Tony thinks that Zenia is asking her where she’s going from here. She could pretend there’s another party, a better one, to which Zenia herself has not been invited. But it’s not likely she would be believed. “I guess I’ll take the subway back,” she says. “I have to work:”

“She’s always working,” says West.

“No,” says Zenia, with a hint of impatience. “I mean, what do you want to do with your life? What’s your obsession?” Obsession. Tony doesn’t know anyone who talks like that. Only criminals and creepy people have obsessions, and if you have one yourself you aren’t supposed to admit to it. I don’t have to answer, she tells herself. She pictures the girls in the Common Room, and what they would think of obsessions; and what they would think of Zenia, come to that. They would think she was full of it, and also a slut, with her buttons undone like that. They would disapprove of her slutry hair. Usually Tony finds their judgments on other women catty and superficial, but right now she finds them comforting.

She should smile a bored, dismissive smile. She should say, “My what?” and laugh, and act puzzled, as if it’s a stupid question. She knows how to do this, she has watched and listened.

But it isn’t a stupid question, and she knows the answer. “Raw,” she says.

“What?” says Zenia. She’s concentrating on Tony now, as if she is finally interesting. Something worth figuring out. “Did you say law?”

Tony realizes she’s made a mistake, a slip of the tongue. She’s reversed the word. It must be the alcohol.

“I mean war,” she says, pronouncing this time carefully. “That’s what I want to do with my life. I want to study war.” She shouldn’t have said it, she shouldn’t have told that much about herself, she’s put it wrong. She’s been ridiculous.

Zenia laughs, but it isn’t a mocking laugh. It’s a laugh of delight. She touches Tony’s arm, lightly, as in a game of tag played with cobwebs. “Let’s have coffee,” she says. And Tony smiles.

That was it, that was the decisive moment. Rubicon! The die was cast, but who would have known it at the time? Not Tony, although she does remember a sensation, the sensation of having lost her footing, of being swept out into a strong current. And what, exactly, had acted as the invitation proper?

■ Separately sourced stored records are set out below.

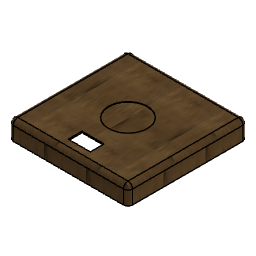
ESPressoScale (Autodesk Fusion 360 design; units mm, degrees)
Autodesk Fusion 360 part; units mm, degrees
note: some values were not read from the file. Set by a fixed rule: which face or edge a step refers to.
sketch "Skizze1" plane through (0, 0, 0) normal (0, 0, 1) x (1, 0, 0)
  line L0 (-22.5, 5) -> (22.5, 5)
  line L1 (22.5, 5) -> (22.5, -5)
  line L2 (22.5, -5) -> (-22.5, -5)
  line L3 (-22.5, -5) -> (-22.5, 5)
  circle A0 centre (-18.5, 0) radius 1.5
  circle A1 centre (-11.5, 0) radius 1.5
  circle A2 centre (18.5, 0) radius 1.5
  circle A3 centre (11.5, 0) radius 1.5
  dimension "d1" = 45
  dimension "d2" = 10
  dimension "d3" = 5
  dimension "d4" = 22.5
  dimension "d5" = 3
  dimension "d6" = 4
  dimension "d7" = 3
  dimension "d8" = 11
  dimension "d9" = 3
  dimension "d10" = 4
  dimension "d11" = 3
  dimension "d12" = 11
  constraint horizontal L0
  constraint vertical L1
  constraint horizontal L2
  constraint vertical L3
  measures "d1" distance of L0.start L0.end
  measures "d2" distance of L0.start L2.end
  measures "d3" distance of origin L0
  measures "d4" distance of origin L1
  measures "d5" diameter of A0
  measures "d6" distance of L3 A0.centre
  measures "d7" diameter of A1
  measures "d8" distance of L3 A1.centre
  measures "d9" diameter of A2
  measures "d10" distance of L1 A2.centre
  measures "d11" diameter of A3
  measures "d12" distance of L1 A3.centre
extrude "Extrusion1" add sketch "Skizze1" along normal blind 6 makes body 1
copy_body "Körper->Berechn1" bodies 1 removing the originals makes body 2 in component "300gWaegezelle"
sketch "Skizze2" plane through (0, 0, 0) normal (0, 0, 1) x (1, 0, 0)
  line L0 (-65, 65) -> (65, 65)
  line L1 (65, 65) -> (65, -65)
  line L2 (65, -65) -> (-65, -65)
  line L3 (-65, -65) -> (-65, 65)
  dimension "d15" = 130
  dimension "d16" = 130
  dimension "d17" = 65
  dimension "d18" = 65
  constraint horizontal L0
  constraint vertical L1
  constraint horizontal L2
  constraint vertical L3
  measures "d15" distance of L0.start L0.end
  measures "d16" distance of L0.start L2.end
  measures "d17" distance of origin L0
  measures "d18" distance of origin L3
ref_plane "Arbeitsebene1" through (0, 0, 25) normal (0, 0, 1) x (1, 0, 0)
extrude "Extrusion2" add sketch "Skizze2" against normal blind 20 from surface at 25 separate body makes body 3
fillet "Abrundung1" radius 5 8 edges at (-65, 0, 25) (0, 65, 25) (65, 0, 25) (0, -65, 25) (65, -65, 15) (-65, -65, 15) (-65, 65, 15) (65, 65, 15) on bodies 3
shell "Schale1" thickness 3 removed faces 1 at (-23.3333, -21.6667, 5) on bodies 3
extrude "Extrusion3" add 1 faces at (-20, 20, 22) along direction (0, 0, 1) blind 18 from surface at -22 on bodies 3 bodies 3 makes body 4
fillet "Abrundung2" radius 5 4 edges at (60, 60, 9) (-60, 60, 9) (-60, -60, 9) (60, -60, 9) on bodies 4
shell "Schale2" thickness 1.6 outward thickness 0.2 removed faces 1 at (18.3333, -20, 18) on bodies 4
move_body "Verschieben1" bodies 2 to x (1, 0, 0) y (0, 1, 0) z (0, 0, 1) at (0, 0, 8) in component "300gWaegezelle"
sketch "Skizze3" plane through (0, 0, 25) normal (0, 0, 1) x (-1, 0, 0)
  line L0 (60, 60) -> (-60, 60)
  line L1 (-60, 60) -> (-60, -60)
  line L2 (-60, -60) -> (60, -60)
  line L3 (60, -60) -> (60, 60)
  line L4 (24.5, -7) -> (8.5, -7)
  line L5 (8.5, -7) -> (8.5, 7)
  line L6 (8.5, 7) -> (24.5, 7)
  line L7 (24.5, 7) -> (24.5, -7)
  circle A0 centre (0, 0) radius 21
  circle A1 centre (11.5, 0) radius 2.3
  circle A2 centre (18.5, 0) radius 2.3
  line L8 (45, 35) -> (31, 35)
  line L9 (31, 35) -> (31, 53)
  line L10 (31, 53) -> (45, 53)
  line L11 (45, 53) -> (45, 35)
  line L12 (-45, 35) -> (-31, 35)
  line L13 (-31, 35) -> (-31, 53)
  line L14 (-31, 53) -> (-45, 53)
  line L15 (-45, 53) -> (-45, 35)
  line L16 (12, 38) -> (-12, 38)
  line L17 (-12, 38) -> (-12, 53)
  line L18 (-12, 53) -> (12, 53)
  line L19 (12, 53) -> (12, 38)
  line L20 (12, 53) -> (-15, 53)
  line L21 (20, 33) -> (-20, 33)
  line L22 (-20, 33) -> (-20, 29)
  line L23 (-20, 29) -> (20, 29)
  line L24 (20, 29) -> (20, 33)
  dimension "d33" = 42
  dimension "d39" = 14
  dimension "d40" = 18
  dimension "d41" = 15
  dimension "d42" = 95
  dimension "d43" = 14
  dimension "d44" = 18
  dimension "d45" = 95
  dimension "d46" = 15
  dimension "d47" = 24
  dimension "d48" = 15
  dimension "d49" = 12
  dimension "d50" = 98
  dimension "d91" = 4.6
  dimension "d92" = 4.6
  dimension "d93" = 7
  dimension "d94" = 7
  dimension "d111" = 40
  dimension "d112" = 4
  dimension "d113" = 20
  dimension "d114" = 20
  constraint horizontal L4
  constraint vertical L5
  constraint horizontal L6
  constraint vertical L7
  constraint coincident A0.centre origin
  constraint horizontal L8
  constraint vertical L9
  constraint horizontal L10
  constraint vertical L11
  constraint horizontal L12
  constraint vertical L13
  constraint horizontal L14
  constraint vertical L15
  constraint horizontal L16
  constraint vertical L17
  constraint horizontal L18
  constraint vertical L19
  constraint horizontal L20
  constraint horizontal L21
  constraint vertical L22
  constraint horizontal L23
  constraint vertical L24
  measures "d33" diameter of A0
  measures "d39" distance of L8.start L8.end
  measures "d40" distance of L8.start L10.end
  measures "d41" distance of L3 L11
  measures "d42" distance of L2 L8
  measures "d43" distance of L12.start L12.end
  measures "d44" distance of L12.start L14.end
  measures "d45" distance of L2 L12
  measures "d46" distance of L1 L15
  measures "d47" distance of L16.start L16.end
  measures "d48" distance of L16.start L18.end
  measures "d49" distance of A0.centre L19
  measures "d50" distance of L2 L16
  measures "d91" diameter of A2
  measures "d92" diameter of A1
  measures "d93" distance of L0 L18
  measures "d94" distance of L0 L10
  measures "d111" distance of L21.start L21.end
  measures "d112" distance of L21.start L23.end
  measures "d113" distance of A0.centre L22
  measures "d114" distance of L20 L21
extrude "Extrusion4" add sketch "Skizze3" along normal up to surface (8 mm away) from surface at -11 contours L4 L6 L7 A0 | L4 L5 L6 A0 picked at (13.5464, 5.3803) bodies 3
extrude "Extrusion5" cut sketch "Skizze3" against normal blind 0.5 contours L4 L5 L6 A0 | L4 L5 L6 A0 | A1 | A2 bodies 3
extrude "Extrusion6" cut sketch "Skizze3" against normal blind 10 contours L16 L17 L18 L19 L20 bodies 3
extrude "Extrusion7" cut sketch "Skizze3" along normal blind 1.8 from surface at -3 contours L8 L9 L10 L11 | L12 L13 L14 L15 bodies 3
sketch "Skizze4" plane through (0, 0, 1.6) normal (0, 0, 1) x (-1, 0, 0)
  arc A0 (-55, 58.4) -> (-58.4, 55) centre (-55, 55) ccw
  line L0 (-58.4, 55) -> (-58.4, -55)
  arc A1 (-58.4, -55) -> (-55, -58.4) centre (-55, -55) ccw
  line L1 (-55, -58.4) -> (55, -58.4)
  arc A2 (55, -58.4) -> (58.4, -55) centre (55, -55) ccw
  line L2 (58.4, -55) -> (58.4, 55)
  arc A3 (58.4, 55) -> (55, 58.4) centre (55, 55) ccw
  line L3 (55, 58.4) -> (-55, 58.4)
  line L4 (-22.5, 5) -> (-9, 5)
  line L5 (-9, 5) -> (-9, -5)
  line L6 (-9, -5) -> (-22.5, -5)
  line L7 (-22.5, -5) -> (-22.5, 5)
  circle A4 centre (-18.5026, 0.0003) radius 1.75
  circle A5 centre (-11.4986, -0.0024) radius 1.75
  circle A6 centre (-32.5, -53.4) radius 1
  circle A7 centre (-32.5, -53.4) radius 3
  circle A8 centre (32.5, -53.4) radius 1
  circle A9 centre (32.5, -53.4) radius 3
  circle A10 centre (-32.5, -27.4) radius 1
  circle A11 centre (-32.5, -27.4) radius 3
  circle A12 centre (32.5, -27.4) radius 1
  circle A13 centre (32.5, -27.4) radius 3
  line L8 (-50.4, 11.6) -> (-35.4, 11.6)
  line L9 (-35.4, 11.6) -> (-35.4, -3.4)
  line L10 (-35.4, -3.4) -> (-50.4, -3.4)
  line L11 (-50.4, -3.4) -> (-50.4, 11.6)
  line L12 (-52.4, 13.6) -> (-33.4, 13.6)
  line L13 (-33.4, 13.6) -> (-33.4, -5.4)
  line L14 (-33.4, -5.4) -> (-52.4, -5.4)
  line L15 (-52.4, -5.4) -> (-52.4, 13.6)
  line L16 (57.4, 3) -> (37.4, 3)
  line L17 (37.4, 3) -> (37.4, -3)
  line L18 (37.4, -3) -> (57.4, -3)
  line L19 (57.4, -3) -> (57.4, 3)
  line L20 (51.4, 3) -> (45.4, 3)
  line L21 (45.4, 3) -> (45.4, -3)
  line L22 (45.4, -3) -> (51.4, -3)
  line L23 (51.4, -3) -> (51.4, 3)
  circle A14 centre (-18.5026, 0.0003) radius 3.25
  circle A15 centre (-11.4986, -0.0024) radius 3.25
  dimension "d56" = 3.5
  dimension "d57" = 3.5
  dimension "d58" = 2
  dimension "d59" = 32.5
  dimension "d60" = 6
  dimension "d63" = 65
  dimension "d64" = 26
  dimension "d72" = 15
  dimension "d73" = 15
  dimension "d74" = 8
  dimension "d75" = 55
  dimension "d76" = 93.8
  dimension "d77" = -2
  dimension "d80" = 5
  dimension "d81" = 20
  dimension "d82" = 6
  dimension "d83" = 3
  dimension "d84" = 1
  dimension "d85" = 6
  dimension "d86" = 6
  dimension "d118" = 6.5
  dimension "d119" = 6.5
  constraint horizontal L4
  constraint vertical L5
  constraint horizontal L6
  constraint vertical L7
  constraint concentric A6 A7
  constraint horizontal L8
  constraint vertical L9
  constraint horizontal L10
  constraint vertical L11
  constraint horizontal L16
  constraint vertical L17
  constraint horizontal L18
  constraint vertical L19
  constraint horizontal L20
  constraint vertical L21
  constraint horizontal L22
  constraint vertical L23
  constraint coincident L16 L20.start
  constraint concentric A4 A14
  constraint concentric A5 A15
  measures "d56" diameter of A4
  measures "d57" diameter of A5
  measures "d58" diameter of A6
  measures "d59" horizontal distance of origin A6.centre
  measures "d60" diameter of A7
  measures "d72" distance of L8.start L8.end
  measures "d73" distance of L8.start L10.end
  measures "d74" distance of L0 L11
  measures "d75" distance of L1 L10
  measures "d76" distance of L2 L9
  measures "d80" distance of L1 A6.centre
  measures "d81" distance of L16.start L16.end
  measures "d82" distance of L16.start L18.end
  measures "d83" distance of origin L16
  measures "d84" distance of L2 L19
  measures "d85" distance of L20.start L20.end
  measures "d86" distance of L19 L23
  measures "d118" diameter of A14
  measures "d119" diameter of A15
extrude "Extrusion1'" add sketch "Skizze4" along normal up to surface (6.4 mm away) separate body contours L4 L5 L6 L7 A15 | L5 A15 | A14 picked at (-9.2495, -0.0024) makes body 5 in component "300gWaegezelle"
combine "Kombinieren1" operation add target body 4 tool bodies 5
move_face "Flächen versetzen1" offset 2 1 faces at (13.5, 5, 3.7333) on bodies 4
move_face "Flächen versetzen2" offset 2 1 faces at (22.5, 3, 3.7333) on bodies 4
move_face "Flächen versetzen3" offset 2 1 faces at (14.1667, -5, 5.8667) on bodies 4
extrude "Extrusion8" add sketch "Skizze4" along normal blind 6 contours A7 | A9 | A11 | A13 bodies 4
extrude "Extrusion9" add sketch "Skizze4" along normal blind 4 contours L8 L9 L10 L11 bodies 4
extrude "Extrusion10" add sketch "Skizze4" along normal blind 15 contours L16 L18 L19 L23 | L16 L17 L18 L21 bodies 4
extrude "Extrusion11" add sketch "Skizze4" along normal blind 10 contours L16 L18 L20 L21 L22 L23 bodies 4
sketch "Skizze5" plane through (0, 0, 22) normal (0, 0, -1) x (1, 0, 0)
  line L0 (60, 60) -> (-60, 60)
  line L1 (-60, 60) -> (-60, -60)
  line L2 (-60, -60) -> (60, -60)
  line L3 (60, -60) -> (60, 60)
  line L4 (-8.5, 7) -> (-8.5, -7)
  line L5 (-8.5, -7) -> (-24.5, -7)
  line L6 (-24.5, -7) -> (-24.5, 7)
  line L7 (-24.5, 7) -> (-8.5, 7)
  line L8 (12, 53) -> (12, 38)
  line L9 (12, 38) -> (-12, 38)
  line L10 (-12, 38) -> (-12, 53)
  line L11 (-45, 53) -> (-31, 53)
  line L12 (-31, 53) -> (-31, 35)
  line L13 (-31, 35) -> (-45, 35)
  line L14 (-45, 35) -> (-45, 53)
  line L15 (45, 53) -> (45, 35)
  line L16 (45, 35) -> (31, 35)
  line L17 (31, 35) -> (31, 53)
  line L18 (31, 53) -> (45, 53)
  line L19 (-17.5, 55) -> (17.5, 55)
  line L20 (17.5, 55) -> (17.5, 35)
  line L21 (17.5, 35) -> (-17.5, 35)
  line L22 (-17.5, 35) -> (-17.5, 55)
  line L23 (-12, 53) -> (12, 53)
  line L24 (-17.5, 55) -> (17.5, 55)
  line L25 (17.5, 55) -> (17.5, 63)
  line L26 (17.5, 63) -> (-17.5, 63)
  line L27 (-17.5, 63) -> (-17.5, 55)
  dimension "d102" = 35
  dimension "d103" = 20
  dimension "d104" = 17.5
  dimension "d105" = 5
  dimension "d125" = 8
  constraint horizontal L19
  constraint vertical L20
  constraint horizontal L21
  constraint vertical L22
  constraint horizontal L24
  constraint vertical L25
  constraint horizontal L26
  constraint vertical L27
  measures "d102" distance of L19.start L19.end
  measures "d103" distance of L19.start L21.end
  measures "d104" distance of origin L20
  measures "d105" distance of L0 L19
  measures "d125" distance of L19.start L26.end
extrude "Extrusion13" cut sketch "Skizze5" against normal blind 1.5 contours L19 L20 L21 L22 L24 bodies 3
extrude "Extrusion14" add sketch "Skizze3" against normal blind 1.5 from surface at -3 contours L21 L22 L23 L24 bodies 3
chamfer "Fase1" distance 6 angle 45 1 edges at (9, 0, 1.6) on bodies 4
extrude "Extrusion15" cut sketch "Skizze4" along normal blind 5 from surface at -1.8 contours L5 A15 | L5 A15 | A4 | A5 | A14 bodies 4
chamfer "Fase2" distance 8 angle 45 1 edges at (-8.5, 0, 22) on bodies 3
extrude "Extrusion16" add sketch "Skizze5" along normal blind 1.5 contours L0 L19 L24 L25 L27 | L0 L25 L26 L27 bodies 3
extrude "Extrusion17" add sketch "Skizze5" against normal blind 0.7 separate body contours L19 L20 L21 L22 L24 makes body 6
extrude "Extrusion18" add sketch "Skizze5" against normal blind 2 contours L8 L9 L10 L23 bodies 6
extrude "Extrusion19" cut 1 faces at (-37.4, -1, 11.6) along direction (-1, 0, 0) blind 2 on bodies 4 bodies 4
chamfer "Fase3" distance 2 distance2 3 3 edges at (-29.703, 52.3152, 1.6) (-29.703, 26.3152, 1.6) (35.297, 52.3152, 1.6) measured on face at (1, -41.2667, 1.6) measured on face at (1, -41.2667, 1.6) measured on face at (1, -41.2667, 1.6) on bodies 4
extrude "Extrusion20" add 1 faces at (-57.4, 1, 11.6) along direction (-1, 0, 0) up to surface (1 mm away) on bodies 4 bodies 4
sketch "Skizze7" plane through (0, 0, 1.6) normal (0, 0, 1) x (-1, 0, 0)
  line L0 (-3, -7) -> (-24.5, -7)
  line L1 (-24.5, -7) -> (-24.5, 7)
  line L2 (-24.5, 7) -> (-3, 7)
  line L3 (-3, 7) -> (-3, -7)
  line L4 (-50.4, -3.4) -> (-50.4, 11.6)
  line L5 (-50.4, 11.6) -> (-35.4, 11.6)
  line L6 (-35.4, 11.6) -> (-35.4, -3.4)
  line L7 (-35.4, -3.4) -> (-50.4, -3.4)
  line L8 (39.4, 3) -> (58.4, 3)
  line L9 (58.4, 3) -> (58.4, 55)
  arc A0 (58.4, 55) -> (55, 58.4) centre (55, 55) ccw
  line L10 (55, 58.4) -> (-55, 58.4)
  arc A1 (-55, 58.4) -> (-58.4, 55) centre (-55, 55) ccw
  line L11 (-58.4, 55) -> (-58.4, -55)
  arc A2 (-58.4, -55) -> (-55, -58.4) centre (-55, -55) ccw
  line L12 (-55, -58.4) -> (-32.5, -58.4)
  circle A3 centre (-32.5, -53.4) radius 5
  line L13 (-32.5, -58.4) -> (32.5, -58.4)
  circle A4 centre (32.5, -53.4) radius 5
  line L14 (32.5, -58.4) -> (55, -58.4)
  arc A5 (55, -58.4) -> (58.4, -55) centre (55, -55) ccw
  line L15 (58.4, -55) -> (58.4, -3)
  line L16 (58.4, -3) -> (39.4, -3)
  line L17 (39.4, -3) -> (39.4, 3)
  circle A6 centre (-32.5, -27.4) radius 3
  circle A7 centre (32.5, -27.4) radius 5
  line L18 (23, -54.7754) -> (-23, -54.7754)
  line L19 (-25, -52.7754) -> (-25, -26.7754)
  line L20 (-23, -24.7754) -> (23, -24.7754)
  line L21 (25, -26.7754) -> (25, -52.7754)
  line L22 (-18, 45) -> (18, 45)
  line L23 (20, 43) -> (20, 17)
  line L24 (18, 15) -> (-18, 15)
  line L25 (-20, 17) -> (-20, 43)
  arc A8 (18, 15) -> (20, 17) centre (18, 17) ccw
  arc A9 (-20, 17) -> (-18, 15) centre (-18, 17) ccw
  arc A10 (-18, 45) -> (-20, 43) centre (-18, 43) ccw
  arc A11 (20, 43) -> (18, 45) centre (18, 43) ccw
  line L26 (18, 16) -> (-18, 16)
  arc A12 (-19, 17) -> (-18, 16) centre (-18, 17) ccw
  line L27 (-19, 17) -> (-19, 43)
  arc A13 (-18, 44) -> (-19, 43) centre (-18, 43) ccw
  line L28 (-18, 44) -> (18, 44)
  arc A14 (19, 43) -> (18, 44) centre (18, 43) ccw
  line L29 (19, 43) -> (19, 17)
  arc A15 (18, 16) -> (19, 17) centre (18, 17) ccw
  arc A16 (-21.5, 17) -> (-18, 13.5) centre (-18, 17) ccw
  line L30 (18, 13.5) -> (-18, 13.5)
  arc A17 (18, 13.5) -> (21.5, 17) centre (18, 17) ccw
  line L31 (21.5, 43) -> (21.5, 17)
  arc A18 (21.5, 43) -> (18, 46.5) centre (18, 43) ccw
  line L32 (-18, 46.5) -> (18, 46.5)
  arc A19 (-18, 46.5) -> (-21.5, 43) centre (-18, 43) ccw
  line L33 (-21.5, 17) -> (-21.5, 43)
  arc A20 (23, -54.7754) -> (25, -52.7754) centre (23, -52.7754) ccw
  arc A21 (-25, -52.7754) -> (-23, -54.7754) centre (-23, -52.7754) ccw
  arc A22 (-23, -24.7754) -> (-25, -26.7754) centre (-23, -26.7754) ccw
  arc A23 (25, -26.7754) -> (23, -24.7754) centre (23, -26.7754) ccw
  point P0 (25, -54.7754)
  point P1 (25, -24.7754)
  point P2 (-20, 45)
  point P3 (20, 45)
  point P4 (-20, 15)
  dimension "d140" = 30
  dimension "d141" = 50
  dimension "d142" = 25
  dimension "d143" = 40
  dimension "d144" = 30
  dimension "d145" = 20
  dimension "d146" = 1
  dimension "d152" = 2
  dimension "d153" = 15
  dimension "d154" = 14.4
  dimension "d155" = 38.4
  dimension "d156" = -1.5
  dimension "d157" = 2
  constraint horizontal L18
  constraint vertical L19
  constraint horizontal L20
  constraint vertical L21
  constraint horizontal L22
  constraint vertical L23
  constraint horizontal L24
  constraint vertical L25
  constraint tangent L23 A8
  constraint tangent L24 A8
  constraint coincident P4 L24
  constraint coincident P4 L25
  constraint tangent L24 A9
  constraint tangent L25 A9
  constraint equal A8 A9
  constraint coincident P2 L22
  constraint coincident P2 L25
  constraint tangent L22 A10
  constraint tangent L25 A10
  constraint equal A8 A10
  constraint coincident P3 L22
  constraint coincident P3 L23
  constraint tangent L22 A11
  constraint tangent L23 A11
  constraint equal A8 A11
  constraint coincident P0 L18
  constraint coincident P0 L21
  constraint tangent L18 A20
  constraint tangent L21 A20
  constraint tangent L18 A21
  constraint tangent L19 A21
  constraint equal A20 A21
  constraint tangent L19 A22
  constraint tangent L20 A22
  constraint equal A20 A22
  constraint coincident P1 L20
  constraint coincident P1 L21
  constraint tangent L20 A23
  constraint tangent L21 A23
  constraint equal A20 A23
  measures "d140" distance of P0 P1
  measures "d141" distance of L19 L21
  measures "d142" horizontal distance of origin P0
  measures "d143" distance of P2 P3
  measures "d144" distance of P2 P4
  measures "d145" distance of origin L25
  measures "d152" radius of A8
  measures "d153" distance of origin L24
  measures "d154" distance of L10 L28
  measures "d155" distance of L11 L25
  measures "d157" radius of A20
extrude "Extrusion21" [suppressed]
extrude "Extrusion22" [suppressed]
extrude "Extrusion23" [suppressed]
component "300gWaegezelle" placed x (1, 0, 0) y (0, 1, 0) z (0, 0, 1) at (0, 0, 0)
hidden bodies 4 6
equation "d4 = ( 45 / 2 ) * 1 mm"
equation "d17 = ( 130 / 2 ) * 1 mm"
equation "d18 = ( 130 / 2 ) * 1 mm"
equation "d49 = ( 24 / 2 ) * 1 mm"
equation "d59 = ( 65 / 2 ) * 1 mm"
equation "d89 = 15 mm - 5 mm"
equation "d104 = ( 35 / 2 ) * 1 mm"
named bodies: "300gWaegezelle", "Top", "Bottom", "Glas"

What had beckoned to Zenia, shown her an opening in Tony’s beetle-like little armoured carapace? Which was the magic word, raw or war? Probably it was the two of them together; the doubleness. That would have had high appeal, for Zenia.

But this may be just overcomplication, intellectual webspinning, to which Tony knows she is prone. Doubtless it was something much simpler, much more obvious: Tony’s confusion, her lack of defences under the circumstances, the circumstances being West; West, and the fact that Tony loved him. Zenia must have sensed this before Tony did, and known that Tony was no threat, and known as well that Tony had some feathers worth plucking.